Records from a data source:
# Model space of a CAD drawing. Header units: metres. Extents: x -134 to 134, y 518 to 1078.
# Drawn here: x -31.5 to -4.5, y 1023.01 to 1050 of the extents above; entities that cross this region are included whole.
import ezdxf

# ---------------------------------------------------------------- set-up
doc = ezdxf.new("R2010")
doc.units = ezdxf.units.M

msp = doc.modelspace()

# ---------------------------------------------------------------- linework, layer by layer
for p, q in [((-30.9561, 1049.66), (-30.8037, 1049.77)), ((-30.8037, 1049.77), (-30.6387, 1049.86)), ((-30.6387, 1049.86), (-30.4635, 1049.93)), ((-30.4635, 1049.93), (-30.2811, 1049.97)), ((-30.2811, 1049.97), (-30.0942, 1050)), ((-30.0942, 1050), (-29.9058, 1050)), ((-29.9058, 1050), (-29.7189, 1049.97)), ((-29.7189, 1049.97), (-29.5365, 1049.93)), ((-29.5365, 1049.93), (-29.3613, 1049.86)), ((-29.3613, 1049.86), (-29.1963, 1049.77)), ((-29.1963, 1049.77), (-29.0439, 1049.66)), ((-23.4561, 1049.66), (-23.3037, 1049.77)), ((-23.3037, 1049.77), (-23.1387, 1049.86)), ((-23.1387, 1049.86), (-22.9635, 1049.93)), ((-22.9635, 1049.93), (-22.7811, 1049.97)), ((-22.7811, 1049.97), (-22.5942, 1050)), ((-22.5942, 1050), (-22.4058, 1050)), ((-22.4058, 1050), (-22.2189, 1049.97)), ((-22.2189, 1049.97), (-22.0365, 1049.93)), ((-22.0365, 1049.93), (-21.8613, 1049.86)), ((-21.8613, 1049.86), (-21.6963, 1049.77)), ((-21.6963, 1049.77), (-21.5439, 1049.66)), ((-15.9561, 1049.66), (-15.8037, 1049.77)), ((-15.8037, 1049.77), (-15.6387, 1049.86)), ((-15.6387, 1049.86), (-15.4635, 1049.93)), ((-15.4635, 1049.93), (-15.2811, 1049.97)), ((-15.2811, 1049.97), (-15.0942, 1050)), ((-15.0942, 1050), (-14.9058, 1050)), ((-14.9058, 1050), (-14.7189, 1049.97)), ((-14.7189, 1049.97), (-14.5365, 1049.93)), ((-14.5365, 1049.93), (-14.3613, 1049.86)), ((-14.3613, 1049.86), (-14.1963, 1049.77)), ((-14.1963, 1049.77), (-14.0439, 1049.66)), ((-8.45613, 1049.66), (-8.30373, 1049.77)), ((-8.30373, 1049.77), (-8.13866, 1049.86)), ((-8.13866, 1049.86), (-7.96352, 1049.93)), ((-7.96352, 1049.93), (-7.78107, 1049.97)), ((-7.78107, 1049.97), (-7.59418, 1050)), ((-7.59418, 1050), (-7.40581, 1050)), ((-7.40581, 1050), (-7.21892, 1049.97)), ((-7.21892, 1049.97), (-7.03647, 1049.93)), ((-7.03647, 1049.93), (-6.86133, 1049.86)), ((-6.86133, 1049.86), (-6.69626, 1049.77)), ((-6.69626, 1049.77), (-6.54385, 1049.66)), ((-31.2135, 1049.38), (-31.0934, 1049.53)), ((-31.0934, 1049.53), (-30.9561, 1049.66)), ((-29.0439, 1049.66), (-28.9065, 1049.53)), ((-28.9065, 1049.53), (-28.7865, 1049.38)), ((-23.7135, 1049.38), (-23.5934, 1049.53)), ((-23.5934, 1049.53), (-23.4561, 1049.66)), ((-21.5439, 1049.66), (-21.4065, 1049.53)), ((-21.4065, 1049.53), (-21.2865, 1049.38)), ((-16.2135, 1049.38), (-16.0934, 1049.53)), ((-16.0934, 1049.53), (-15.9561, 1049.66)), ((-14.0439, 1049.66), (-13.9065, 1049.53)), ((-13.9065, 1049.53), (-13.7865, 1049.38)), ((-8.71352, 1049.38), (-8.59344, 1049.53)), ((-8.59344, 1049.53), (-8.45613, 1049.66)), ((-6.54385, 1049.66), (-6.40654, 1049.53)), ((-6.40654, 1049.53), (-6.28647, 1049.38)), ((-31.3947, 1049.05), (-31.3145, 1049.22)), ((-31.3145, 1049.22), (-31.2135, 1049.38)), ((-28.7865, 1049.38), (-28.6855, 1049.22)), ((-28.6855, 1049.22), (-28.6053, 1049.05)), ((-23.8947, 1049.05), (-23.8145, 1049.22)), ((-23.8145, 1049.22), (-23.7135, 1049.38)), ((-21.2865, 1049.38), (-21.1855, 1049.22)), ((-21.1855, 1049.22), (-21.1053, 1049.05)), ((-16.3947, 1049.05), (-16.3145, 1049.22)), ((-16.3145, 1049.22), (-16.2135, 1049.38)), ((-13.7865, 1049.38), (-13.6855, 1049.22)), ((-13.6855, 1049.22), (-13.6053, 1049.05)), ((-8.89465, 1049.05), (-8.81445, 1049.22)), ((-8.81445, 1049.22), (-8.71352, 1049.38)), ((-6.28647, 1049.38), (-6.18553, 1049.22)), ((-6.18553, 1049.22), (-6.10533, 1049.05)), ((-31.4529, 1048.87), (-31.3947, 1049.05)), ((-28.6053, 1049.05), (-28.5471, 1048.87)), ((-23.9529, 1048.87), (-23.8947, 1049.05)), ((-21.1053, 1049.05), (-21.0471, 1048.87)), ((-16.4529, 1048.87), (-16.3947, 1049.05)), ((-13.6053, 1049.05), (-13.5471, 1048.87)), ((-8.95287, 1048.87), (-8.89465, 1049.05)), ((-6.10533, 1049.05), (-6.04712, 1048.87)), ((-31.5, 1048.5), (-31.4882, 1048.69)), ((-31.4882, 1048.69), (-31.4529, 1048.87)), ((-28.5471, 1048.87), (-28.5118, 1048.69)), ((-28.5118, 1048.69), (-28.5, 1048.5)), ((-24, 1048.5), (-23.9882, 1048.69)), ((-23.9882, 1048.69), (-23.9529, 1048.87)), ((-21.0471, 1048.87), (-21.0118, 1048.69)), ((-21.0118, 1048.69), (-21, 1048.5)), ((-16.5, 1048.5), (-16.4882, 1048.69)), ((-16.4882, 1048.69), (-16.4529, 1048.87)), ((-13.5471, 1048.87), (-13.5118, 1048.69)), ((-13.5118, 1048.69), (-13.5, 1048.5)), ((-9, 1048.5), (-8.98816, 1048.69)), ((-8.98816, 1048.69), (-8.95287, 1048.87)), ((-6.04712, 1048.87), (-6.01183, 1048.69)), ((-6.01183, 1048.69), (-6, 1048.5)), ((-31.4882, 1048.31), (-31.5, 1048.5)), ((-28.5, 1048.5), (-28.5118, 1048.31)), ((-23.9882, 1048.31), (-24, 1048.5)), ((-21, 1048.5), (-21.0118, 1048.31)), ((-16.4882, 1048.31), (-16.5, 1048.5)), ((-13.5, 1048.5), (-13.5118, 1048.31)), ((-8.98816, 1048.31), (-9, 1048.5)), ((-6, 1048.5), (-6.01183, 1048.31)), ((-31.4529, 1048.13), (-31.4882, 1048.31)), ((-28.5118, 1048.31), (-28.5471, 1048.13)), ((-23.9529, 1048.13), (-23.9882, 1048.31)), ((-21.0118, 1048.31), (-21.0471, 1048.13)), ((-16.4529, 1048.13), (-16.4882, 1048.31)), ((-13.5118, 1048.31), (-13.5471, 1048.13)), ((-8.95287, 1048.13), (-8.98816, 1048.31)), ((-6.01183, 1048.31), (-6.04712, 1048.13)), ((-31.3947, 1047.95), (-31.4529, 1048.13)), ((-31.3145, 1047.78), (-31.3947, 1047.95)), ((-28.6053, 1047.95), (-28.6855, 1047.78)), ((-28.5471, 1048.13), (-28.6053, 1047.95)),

Directions: Go through the entries and copy each line holding the string "ezdxf".

Response to the exercise:
import ezdxf
doc = ezdxf.new("R2010")
doc.units = ezdxf.units.M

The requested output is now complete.